Open Access
CC BY 4.0 · Journal of Coloproctology 2024; 44(03): e187-e195
DOI: 10.1055/s-0044-1789223
Original Article

Certolizumab Pegol in Crohn's Disease Management: A Multicentric Brazilian Observational Study

Authors

  • Thaisa Kowalski Furlan

    1   Department of Gastroenterology, Clinics Hospital, Federal University of Paraná (UFPR), Curitiba, PR, Brazil
  • Marcello Imbrizi

    2   IBD Outpatient Clinics, Mário Gatti Municipal Hospital, Curitiba, PR, Brazil
  • Daniela Magro

    3   Department of Surgery, Campinas State University (UNICAMP), Curitiba, PR, Brazil
  • Paula C. Senger de Castro

    4   Department of Gastroenterology, Nossa Senhora das Graças Hospital, Curitiba, PR, Brazil
  • Rodrigo Bremer Nones

    4   Department of Gastroenterology, Nossa Senhora das Graças Hospital, Curitiba, PR, Brazil
  • Eron Fabio Miranda

    5   School of Medicine, Pontifical Catholic University of Paraná (PUCPR), Curitiba, PR, Brazil
  • Paulo G. Kotze

    6   Health Sciences Postgraduate Program, School of Medicine, Pontifical Catholic University of Paraná (PUCPR), Curitiba, PR, Brazil

Abstract

Introduction and Objectives Certolizumab Pegol (CZP) is an anti-TNF agent approved in Brazil for Crohn's disease (CD). There is a lack of data in Brazil and Latin America detailing real-world experiences with CZP. The primary objective was clinical remission in weeks 26 and 54. The secondary endpoints were clinical response in weeks 26 and 54, endoscopic remission, biological switch rates, rates of CD-related surgery, persistence with treatment over time, and adverse events.
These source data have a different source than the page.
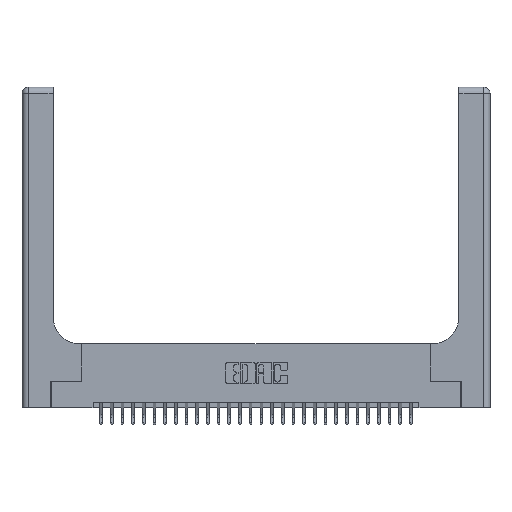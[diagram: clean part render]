
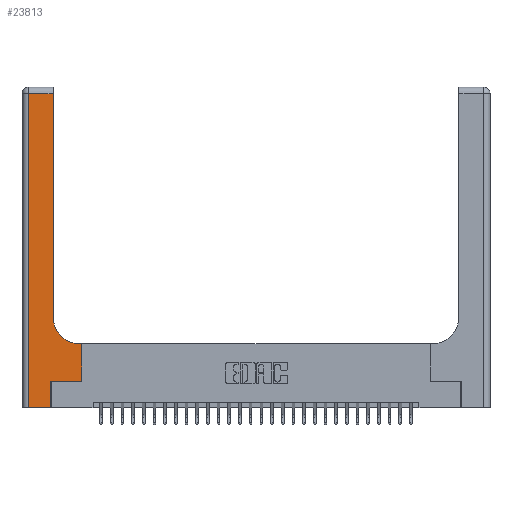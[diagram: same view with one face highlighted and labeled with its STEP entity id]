
A CAD part, top view. The second image highlights one B-rep face of the part: STEP entity #23813.
In plain terms, the highlighted planar face has unit normal (0, 0, 1).
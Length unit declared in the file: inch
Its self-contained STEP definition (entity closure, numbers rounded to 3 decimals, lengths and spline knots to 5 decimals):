
#58 = VERTEX_POINT ( 'NONE', #15473 ) ;
#102 = DIRECTION ( 'NONE',  ( 0., 1., 0. ) ) ;
#918 = AXIS2_PLACEMENT_3D ( 'NONE', #6945, #30186, #16162 ) ;
#1319 = CARTESIAN_POINT ( 'NONE',  ( 0.5415, 0.6, 0.37 ) ) ;
#1729 = CARTESIAN_POINT ( 'NONE',  ( 0.06, 3., 0.37 ) ) ;
#1959 = LINE ( 'NONE', #2387, #11537 ) ;
#2387 = CARTESIAN_POINT ( 'NONE',  ( 0.5585, 0.25, 0.37 ) ) ;
#2686 = VERTEX_POINT ( 'NONE', #16054 ) ;
#3421 = EDGE_LOOP ( 'NONE', ( #17281, #29422, #12052, #12313, #5362, #10881, #8377, #27648, #24285 ) ) ;
#3816 = CARTESIAN_POINT ( 'NONE',  ( 0.269, 0., 0.37 ) ) ;
#3995 = CIRCLE ( 'NONE', #918, 0.25 ) ;
#4967 = EDGE_CURVE ( 'NONE', #2686, #8994, #1959, .T. ) ;
#5325 = CARTESIAN_POINT ( 'NONE',  ( 0., 3., 0.37 ) ) ;
#5335 = EDGE_CURVE ( 'NONE', #58, #2686, #25581, .T. ) ;
#5362 = ORIENTED_EDGE ( 'NONE', *, *, #17693, .T. ) ;
#5519 = VECTOR ( 'NONE', #22151, 39.37008 ) ;
#5644 = CARTESIAN_POINT ( 'NONE',  ( 0., 0., 0.37 ) ) ;
#6528 = DIRECTION ( 'NONE',  ( -1., 0., 0. ) ) ;
#6945 = CARTESIAN_POINT ( 'NONE',  ( 0.5415, 0.85, 0.37 ) ) ;
#7024 = AXIS2_PLACEMENT_3D ( 'NONE', #5325, #24428, #22042 ) ;
#7540 = EDGE_CURVE ( 'NONE', #8994, #11600, #23949, .T. ) ;
#7541 = DIRECTION ( 'NONE',  ( 0., 1., 0. ) ) ;
#7999 = FACE_OUTER_BOUND ( 'NONE', #3421, .T. ) ;
#8024 = CARTESIAN_POINT ( 'NONE',  ( 0.269, 0.25, 0.37 ) ) ;
#8218 = VERTEX_POINT ( 'NONE', #3816 ) ;
#8377 = ORIENTED_EDGE ( 'NONE', *, *, #4967, .T. ) ;
#8994 = VERTEX_POINT ( 'NONE', #23214 ) ;
#9648 = VERTEX_POINT ( 'NONE', #19683 ) ;
#10881 = ORIENTED_EDGE ( 'NONE', *, *, #5335, .T. ) ;
#11537 = VECTOR ( 'NONE', #14271, 39.37008 ) ;
#11600 = VERTEX_POINT ( 'NONE', #1319 ) ;
#11716 = DIRECTION ( 'NONE',  ( -1., 0., 0. ) ) ;
#11780 = LINE ( 'NONE', #16689, #28784 ) ;
#12052 = ORIENTED_EDGE ( 'NONE', *, *, #28576, .T. ) ;
#12303 = CARTESIAN_POINT ( 'NONE',  ( 0.269, 0., 0.37 ) ) ;
#12313 = ORIENTED_EDGE ( 'NONE', *, *, #30443, .T. ) ;
#13387 = CARTESIAN_POINT ( 'NONE',  ( 0.2915, 0.6, 0.37 ) ) ;
#13583 = CARTESIAN_POINT ( 'NONE',  ( 0.2915, 0.85, 0.37 ) ) ;
#13860 = LINE ( 'NONE', #25816, #16829 ) ;
#14271 = DIRECTION ( 'NONE',  ( 0., 1., 0. ) ) ;
#14491 = VECTOR ( 'NONE', #25168, 39.37008 ) ;
#15473 = CARTESIAN_POINT ( 'NONE',  ( 0.269, 0.25, 0.37 ) ) ;
#16054 = CARTESIAN_POINT ( 'NONE',  ( 0.5585, 0.25, 0.37 ) ) ;
#16162 = DIRECTION ( 'NONE',  ( 1., 0., 0. ) ) ;
#16615 = LINE ( 'NONE', #5644, #5519 ) ;
#16689 = CARTESIAN_POINT ( 'NONE',  ( 0., 2.94, 0.37 ) ) ;
#16749 = CARTESIAN_POINT ( 'NONE',  ( 0.06, 0., 0.37 ) ) ;
#16829 = VECTOR ( 'NONE', #102, 39.37008 ) ;
#16939 = VECTOR ( 'NONE', #6528, 39.37008 ) ;
#17230 = VERTEX_POINT ( 'NONE', #13583 ) ;
#17281 = ORIENTED_EDGE ( 'NONE', *, *, #24957, .T. ) ;
#17693 = EDGE_CURVE ( 'NONE', #8218, #58, #19782, .T. ) ;
#19366 = PLANE ( 'NONE',  #7024 ) ;
#19683 = CARTESIAN_POINT ( 'NONE',  ( 0.06, 2.94, 0.37 ) ) ;
#19782 = LINE ( 'NONE', #12303, #24573 ) ;
#20290 = VECTOR ( 'NONE', #20823, 39.37008 ) ;
#20823 = DIRECTION ( 'NONE',  ( 0., -1., 0. ) ) ;
#22042 = DIRECTION ( 'NONE',  ( -1., 0., 0. ) ) ;
#22151 = DIRECTION ( 'NONE',  ( 1., 0., 0. ) ) ;
#23214 = CARTESIAN_POINT ( 'NONE',  ( 0.5585, 0.6, 0.37 ) ) ;
#23813 = ADVANCED_FACE ( 'NONE', ( #7999 ), #19366, .F. ) ;
#23949 = LINE ( 'NONE', #13387, #16939 ) ;
#24285 = ORIENTED_EDGE ( 'NONE', *, *, #29411, .T. ) ;
#24428 = DIRECTION ( 'NONE',  ( 0., 0., -1. ) ) ;
#24573 = VECTOR ( 'NONE', #7541, 39.37008 ) ;
#24957 = EDGE_CURVE ( 'NONE', #17230, #25185, #13860, .T. ) ;
#25168 = DIRECTION ( 'NONE',  ( 1., 0., 0. ) ) ;
#25185 = VERTEX_POINT ( 'NONE', #29933 ) ;
#25581 = LINE ( 'NONE', #8024, #14491 ) ;
#25816 = CARTESIAN_POINT ( 'NONE',  ( 0.2915, 3., 0.37 ) ) ;
#27288 = LINE ( 'NONE', #1729, #20290 ) ;
#27575 = VERTEX_POINT ( 'NONE', #16749 ) ;
#27648 = ORIENTED_EDGE ( 'NONE', *, *, #7540, .T. ) ;
#28576 = EDGE_CURVE ( 'NONE', #9648, #27575, #27288, .T. ) ;
#28732 = EDGE_CURVE ( 'NONE', #25185, #9648, #11780, .T. ) ;
#28784 = VECTOR ( 'NONE', #11716, 39.37008 ) ;
#29411 = EDGE_CURVE ( 'NONE', #11600, #17230, #3995, .T. ) ;
#29422 = ORIENTED_EDGE ( 'NONE', *, *, #28732, .T. ) ;
#29933 = CARTESIAN_POINT ( 'NONE',  ( 0.2915, 2.94, 0.37 ) ) ;
#30186 = DIRECTION ( 'NONE',  ( 0., 0., -1. ) ) ;
#30443 = EDGE_CURVE ( 'NONE', #27575, #8218, #16615, .T. ) ;

Remission and clinical response were defined as HBI ≤4 and ≥3 points reduction of HBI, respectively. Endoscopic remission was defined as the complete healing of the intestinal mucosa.

Methods This observational and retrospective study included patients with CD from 4 Brazilian centers who received CZP during their disease course.

Results Forty-five patients were included. The median age was 42.16 years old, 53.3% had perianal involvement, 37.8% had undergone previous surgery, and 71.1% of patients were anti-TNF naïve. Clinical remission was observed in 73.2% and 62.5% of patients at weeks 26 and 54, respectively. Clinical response was observed in 14.63% and 18.75% in weeks 26 and 54, respectively. Endoscopic remission was observed in 36.4% of patients. A switch to biological therapy was performed in 57.8% of patients. Eleven patients underwent abdominal surgery; 62.25% discontinued treatment with CZP, with a median of 16 months, and 22.2% presented drug-related adverse events.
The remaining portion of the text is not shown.